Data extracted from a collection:

┌──

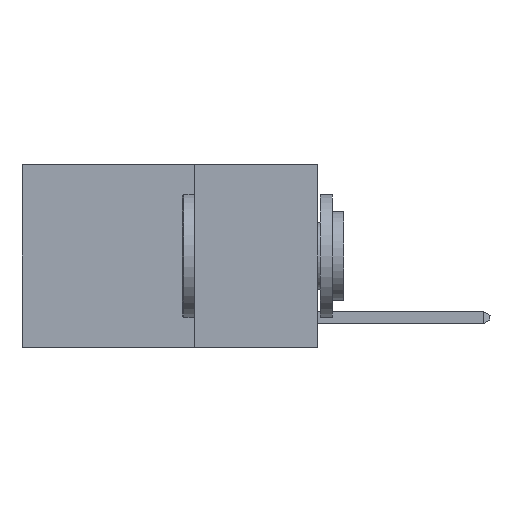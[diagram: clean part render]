
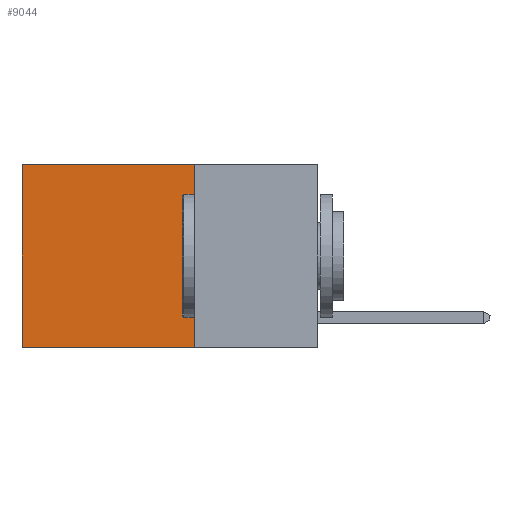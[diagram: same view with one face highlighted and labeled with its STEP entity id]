
A CAD part, left-side view. The second image highlights one B-rep face of the part: STEP entity #9044.
In plain terms, the highlighted planar face has unit normal (-1, 0, 0).
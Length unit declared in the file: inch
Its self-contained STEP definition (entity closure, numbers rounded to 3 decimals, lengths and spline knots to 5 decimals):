
#663 = DIRECTION ( 'NONE',  ( 1., 0., 0. ) ) ;
#940 = VERTEX_POINT ( 'NONE', #13954 ) ;
#1143 = LINE ( 'NONE', #18274, #11836 ) ;
#2823 = DIRECTION ( 'NONE',  ( 0., 1., 0. ) ) ;
#6138 = ORIENTED_EDGE ( 'NONE', *, *, #17911, .F. ) ;
#7930 = FACE_OUTER_BOUND ( 'NONE', #23659, .T. ) ;
#7955 = LINE ( 'NONE', #8605, #23890 ) ;
#8605 = CARTESIAN_POINT ( 'NONE',  ( 0.2625, 0.25, 0. ) ) ;
#9044 = ADVANCED_FACE ( 'NONE', ( #7930 ), #22094, .F. ) ;
#10153 = LINE ( 'NONE', #13569, #15677 ) ;
#10209 = CARTESIAN_POINT ( 'NONE',  ( 0.2625, 0.25, 0. ) ) ;
#11804 = VERTEX_POINT ( 'NONE', #20796 ) ;
#11836 = VECTOR ( 'NONE', #2823, 39.37008 ) ;
#12009 = VERTEX_POINT ( 'NONE', #18112 ) ;
#12128 = EDGE_CURVE ( 'NONE', #12009, #11804, #1143, .T. ) ;
#12904 = ORIENTED_EDGE ( 'NONE', *, *, #17829, .T. ) ;
#13569 = CARTESIAN_POINT ( 'NONE',  ( 0.2625, 0.6, 0. ) ) ;
#13954 = CARTESIAN_POINT ( 'NONE',  ( 0.2625, 0.6, 0. ) ) ;
#14160 = DIRECTION ( 'NONE',  ( 0., 0., -1. ) ) ;
#15677 = VECTOR ( 'NONE', #21345, 39.37008 ) ;
#17344 = EDGE_CURVE ( 'NONE', #22831, #940, #23610, .T. ) ;
#17520 = DIRECTION ( 'NONE',  ( 0., 1., 0. ) ) ;
#17829 = EDGE_CURVE ( 'NONE', #940, #11804, #10153, .T. ) ;
#17911 = EDGE_CURVE ( 'NONE', #22831, #12009, #7955, .T. ) ;
#18112 = CARTESIAN_POINT ( 'NONE',  ( 0.2625, 0.25, -0.37 ) ) ;
#18274 = CARTESIAN_POINT ( 'NONE',  ( 0.2625, 0.25, -0.37 ) ) ;
#19112 = ORIENTED_EDGE ( 'NONE', *, *, #12128, .F. ) ;
#19340 = VECTOR ( 'NONE', #17520, 39.37008 ) ;
#19443 = ORIENTED_EDGE ( 'NONE', *, *, #17344, .T. ) ;
#19780 = AXIS2_PLACEMENT_3D ( 'NONE', #10209, #663, #14160 ) ;
#20316 = DIRECTION ( 'NONE',  ( 0., 0., -1. ) ) ;
#20772 = CARTESIAN_POINT ( 'NONE',  ( 0.2625, 0.25, 0. ) ) ;
#20796 = CARTESIAN_POINT ( 'NONE',  ( 0.2625, 0.6, -0.37 ) ) ;
#21345 = DIRECTION ( 'NONE',  ( 0., 0., -1. ) ) ;
#22094 = PLANE ( 'NONE',  #19780 ) ;
#22831 = VERTEX_POINT ( 'NONE', #20772 ) ;
#23610 = LINE ( 'NONE', #23747, #19340 ) ;
#23659 = EDGE_LOOP ( 'NONE', ( #12904, #19112, #6138, #19443 ) ) ;
#23747 = CARTESIAN_POINT ( 'NONE',  ( 0.2625, 0.25, 0. ) ) ;
#23890 = VECTOR ( 'NONE', #20316, 39.37008 ) ;
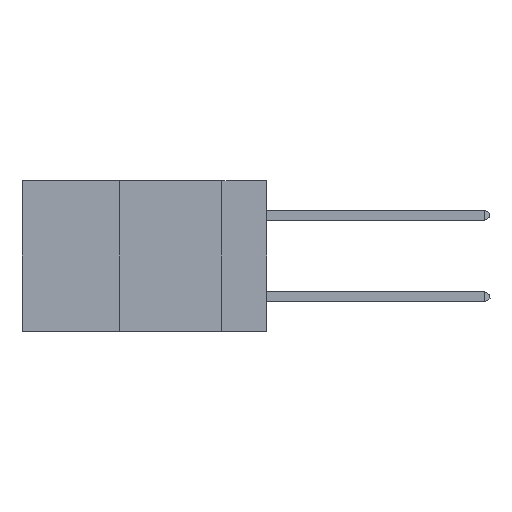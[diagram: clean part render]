
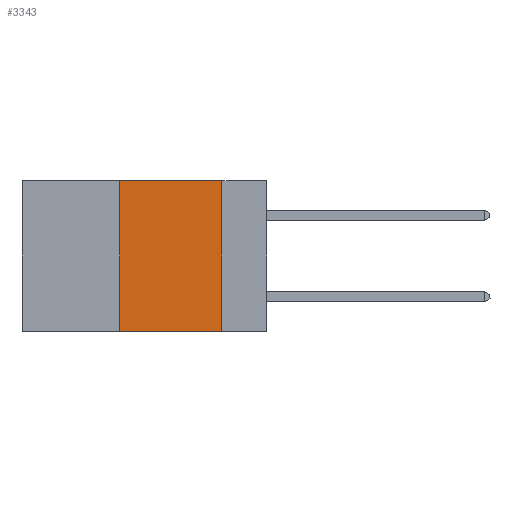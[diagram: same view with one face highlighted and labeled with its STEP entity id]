
A CAD part, left-side view. The second image highlights one B-rep face of the part: STEP entity #3343.
In plain terms, the highlighted planar face has unit normal (-1, 0, 0).
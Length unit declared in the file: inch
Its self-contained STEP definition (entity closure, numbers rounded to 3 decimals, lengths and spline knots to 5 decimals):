
#447 = EDGE_CURVE ( 'NONE', #7134, #2875, #5537, .T. ) ;
#1035 = DIRECTION ( 'NONE',  ( 0., 0., -1. ) ) ;
#1342 = LINE ( 'NONE', #11281, #3354 ) ;
#1783 = VECTOR ( 'NONE', #6865, 39.37008 ) ;
#2014 = VECTOR ( 'NONE', #7693, 39.37008 ) ;
#2811 = DIRECTION ( 'NONE',  ( 0., -1., 0. ) ) ;
#2875 = VERTEX_POINT ( 'NONE', #4499 ) ;
#3343 = ADVANCED_FACE ( 'NONE', ( #11063 ), #5564, .F. ) ;
#3354 = VECTOR ( 'NONE', #7853, 39.37008 ) ;
#4143 = LINE ( 'NONE', #13782, #1783 ) ;
#4499 = CARTESIAN_POINT ( 'NONE',  ( 0., 0.11, -0.37 ) ) ;
#5537 = LINE ( 'NONE', #10987, #13494 ) ;
#5564 = PLANE ( 'NONE',  #14089 ) ;
#6865 = DIRECTION ( 'NONE',  ( 0., -1., 0. ) ) ;
#7134 = VERTEX_POINT ( 'NONE', #7321 ) ;
#7321 = CARTESIAN_POINT ( 'NONE',  ( 0., 0.36, -0.37 ) ) ;
#7429 = LINE ( 'NONE', #11175, #2014 ) ;
#7693 = DIRECTION ( 'NONE',  ( 0., 0., -1. ) ) ;
#7853 = DIRECTION ( 'NONE',  ( 0., 0., 1. ) ) ;
#8081 = EDGE_CURVE ( 'NONE', #12983, #2875, #7429, .T. ) ;
#9065 = DIRECTION ( 'NONE',  ( 1., 0., 0. ) ) ;
#9136 = EDGE_CURVE ( 'NONE', #12004, #12983, #4143, .T. ) ;
#10206 = EDGE_LOOP ( 'NONE', ( #14117, #13554, #11866, #13560 ) ) ;
#10377 = CARTESIAN_POINT ( 'NONE',  ( 0., 0.11, 0. ) ) ;
#10987 = CARTESIAN_POINT ( 'NONE',  ( 0., 0.6, -0.37 ) ) ;
#11063 = FACE_OUTER_BOUND ( 'NONE', #10206, .T. ) ;
#11175 = CARTESIAN_POINT ( 'NONE',  ( 0., 0.11, 0. ) ) ;
#11281 = CARTESIAN_POINT ( 'NONE',  ( 0., 0.36, 0. ) ) ;
#11866 = ORIENTED_EDGE ( 'NONE', *, *, #14371, .F. ) ;
#12004 = VERTEX_POINT ( 'NONE', #12245 ) ;
#12245 = CARTESIAN_POINT ( 'NONE',  ( 0., 0.36, 0. ) ) ;
#12983 = VERTEX_POINT ( 'NONE', #10377 ) ;
#13494 = VECTOR ( 'NONE', #2811, 39.37008 ) ;
#13554 = ORIENTED_EDGE ( 'NONE', *, *, #9136, .F. ) ;
#13560 = ORIENTED_EDGE ( 'NONE', *, *, #447, .T. ) ;
#13782 = CARTESIAN_POINT ( 'NONE',  ( 0., 0.6, 0. ) ) ;
#14089 = AXIS2_PLACEMENT_3D ( 'NONE', #14810, #9065, #1035 ) ;
#14117 = ORIENTED_EDGE ( 'NONE', *, *, #8081, .F. ) ;
#14371 = EDGE_CURVE ( 'NONE', #7134, #12004, #1342, .T. ) ;
#14810 = CARTESIAN_POINT ( 'NONE',  ( 0., 0.6, 0. ) ) ;

└──

▶ **WHAT IS REQUIRED**: Reprint the data verbatim, pictures excluded.

▶ **ANSWER TO THIS TASK**:
[diagram: clean part render]
[diagram: same view with one face highlighted and labeled with its STEP entity id]
A CAD part, left-side view. The second image highlights one B-rep face of the part: STEP entity #9044.
In plain terms, the highlighted planar face has unit normal (-1, 0, 0).
Length unit declared in the file: inch
Its self-contained STEP definition (entity closure, numbers rounded to 3 decimals, lengths and spline knots to 5 decimals):
#663 = DIRECTION ( 'NONE',  ( 1., 0., 0. ) ) ;
#940 = VERTEX_POINT ( 'NONE', #13954 ) ;
#1143 = LINE ( 'NONE', #18274, #11836 ) ;
#2823 = DIRECTION ( 'NONE',  ( 0., 1., 0. ) ) ;
#6138 = ORIENTED_EDGE ( 'NONE', *, *, #17911, .F. ) ;
#7930 = FACE_OUTER_BOUND ( 'NONE', #23659, .T. ) ;
#7955 = LINE ( 'NONE', #8605, #23890 ) ;
#8605 = CARTESIAN_POINT ( 'NONE',  ( 0.2625, 0.25, 0. ) ) ;
#9044 = ADVANCED_FACE ( 'NONE', ( #7930 ), #22094, .F. ) ;
#10153 = LINE ( 'NONE', #13569, #15677 ) ;
#10209 = CARTESIAN_POINT ( 'NONE',  ( 0.2625, 0.25, 0. ) ) ;
#11804 = VERTEX_POINT ( 'NONE', #20796 ) ;
#11836 = VECTOR ( 'NONE', #2823, 39.37008 ) ;
#12009 = VERTEX_POINT ( 'NONE', #18112 ) ;
#12128 = EDGE_CURVE ( 'NONE', #12009, #11804, #1143, .T. ) ;
#12904 = ORIENTED_EDGE ( 'NONE', *, *, #17829, .T. ) ;
#13569 = CARTESIAN_POINT ( 'NONE',  ( 0.2625, 0.6, 0. ) ) ;
#13954 = CARTESIAN_POINT ( 'NONE',  ( 0.2625, 0.6, 0. ) ) ;
#14160 = DIRECTION ( 'NONE',  ( 0., 0., -1. ) ) ;
#15677 = VECTOR ( 'NONE', #21345, 39.37008 ) ;
#17344 = EDGE_CURVE ( 'NONE', #22831, #940, #23610, .T. ) ;
#17520 = DIRECTION ( 'NONE',  ( 0., 1., 0. ) ) ;
#17829 = EDGE_CURVE ( 'NONE', #940, #11804, #10153, .T. ) ;
#17911 = EDGE_CURVE ( 'NONE', #22831, #12009, #7955, .T. ) ;
#18112 = CARTESIAN_POINT ( 'NONE',  ( 0.2625, 0.25, -0.37 ) ) ;
#18274 = CARTESIAN_POINT ( 'NONE',  ( 0.2625, 0.25, -0.37 ) ) ;
#19112 = ORIENTED_EDGE ( 'NONE', *, *, #12128, .F. ) ;
#19340 = VECTOR ( 'NONE', #17520, 39.37008 ) ;
#19443 = ORIENTED_EDGE ( 'NONE', *, *, #17344, .T. ) ;
#19780 = AXIS2_PLACEMENT_3D ( 'NONE', #10209, #663, #14160 ) ;
#20316 = DIRECTION ( 'NONE',  ( 0., 0., -1. ) ) ;
#20772 = CARTESIAN_POINT ( 'NONE',  ( 0.2625, 0.25, 0. ) ) ;
#20796 = CARTESIAN_POINT ( 'NONE',  ( 0.2625, 0.6, -0.37 ) ) ;
#21345 = DIRECTION ( 'NONE',  ( 0., 0., -1. ) ) ;
#22094 = PLANE ( 'NONE',  #19780 ) ;
#22831 = VERTEX_POINT ( 'NONE', #20772 ) ;
#23610 = LINE ( 'NONE', #23747, #19340 ) ;
#23659 = EDGE_LOOP ( 'NONE', ( #12904, #19112, #6138, #19443 ) ) ;
#23747 = CARTESIAN_POINT ( 'NONE',  ( 0.2625, 0.25, 0. ) ) ;
#23890 = VECTOR ( 'NONE', #20316, 39.37008 ) ;
[diagram: clean part render]
[diagram: same view with one face highlighted and labeled with its STEP entity id]
A CAD part, left-side view. The second image highlights one B-rep face of the part: STEP entity #3343.
In plain terms, the highlighted planar face has unit normal (-1, 0, 0).
Length unit declared in the file: inch
Its self-contained STEP definition (entity closure, numbers rounded to 3 decimals, lengths and spline knots to 5 decimals):
#447 = EDGE_CURVE ( 'NONE', #7134, #2875, #5537, .T. ) ;
#1035 = DIRECTION ( 'NONE',  ( 0., 0., -1. ) ) ;
#1342 = LINE ( 'NONE', #11281, #3354 ) ;
#1783 = VECTOR ( 'NONE', #6865, 39.37008 ) ;
#2014 = VECTOR ( 'NONE', #7693, 39.37008 ) ;
#2811 = DIRECTION ( 'NONE',  ( 0., -1., 0. ) ) ;
#2875 = VERTEX_POINT ( 'NONE', #4499 ) ;
#3343 = ADVANCED_FACE ( 'NONE', ( #11063 ), #5564, .F. ) ;
#3354 = VECTOR ( 'NONE', #7853, 39.37008 ) ;
#4143 = LINE ( 'NONE', #13782, #1783 ) ;
#4499 = CARTESIAN_POINT ( 'NONE',  ( 0., 0.11, -0.37 ) ) ;
#5537 = LINE ( 'NONE', #10987, #13494 ) ;
#5564 = PLANE ( 'NONE',  #14089 ) ;
#6865 = DIRECTION ( 'NONE',  ( 0., -1., 0. ) ) ;
#7134 = VERTEX_POINT ( 'NONE', #7321 ) ;
#7321 = CARTESIAN_POINT ( 'NONE',  ( 0., 0.36, -0.37 ) ) ;
#7429 = LINE ( 'NONE', #11175, #2014 ) ;
#7693 = DIRECTION ( 'NONE',  ( 0., 0., -1. ) ) ;
#7853 = DIRECTION ( 'NONE',  ( 0., 0., 1. ) ) ;
#8081 = EDGE_CURVE ( 'NONE', #12983, #2875, #7429, .T. ) ;
#9065 = DIRECTION ( 'NONE',  ( 1., 0., 0. ) ) ;
#9136 = EDGE_CURVE ( 'NONE', #12004, #12983, #4143, .T. ) ;
#10206 = EDGE_LOOP ( 'NONE', ( #14117, #13554, #11866, #13560 ) ) ;
#10377 = CARTESIAN_POINT ( 'NONE',  ( 0., 0.11, 0. ) ) ;
#10987 = CARTESIAN_POINT ( 'NONE',  ( 0., 0.6, -0.37 ) ) ;
#11063 = FACE_OUTER_BOUND ( 'NONE', #10206, .T. ) ;
#11175 = CARTESIAN_POINT ( 'NONE',  ( 0., 0.11, 0. ) ) ;
#11281 = CARTESIAN_POINT ( 'NONE',  ( 0., 0.36, 0. ) ) ;
#11866 = ORIENTED_EDGE ( 'NONE', *, *, #14371, .F. ) ;
#12004 = VERTEX_POINT ( 'NONE', #12245 ) ;
#12245 = CARTESIAN_POINT ( 'NONE',  ( 0., 0.36, 0. ) ) ;
#12983 = VERTEX_POINT ( 'NONE', #10377 ) ;
#13494 = VECTOR ( 'NONE', #2811, 39.37008 ) ;
#13554 = ORIENTED_EDGE ( 'NONE', *, *, #9136, .F. ) ;
#13560 = ORIENTED_EDGE ( 'NONE', *, *, #447, .T. ) ;
#13782 = CARTESIAN_POINT ( 'NONE',  ( 0., 0.6, 0. ) ) ;
#14089 = AXIS2_PLACEMENT_3D ( 'NONE', #14810, #9065, #1035 ) ;
#14117 = ORIENTED_EDGE ( 'NONE', *, *, #8081, .F. ) ;
#14371 = EDGE_CURVE ( 'NONE', #7134, #12004, #1342, .T. ) ;
#14810 = CARTESIAN_POINT ( 'NONE',  ( 0., 0.6, 0. ) ) ;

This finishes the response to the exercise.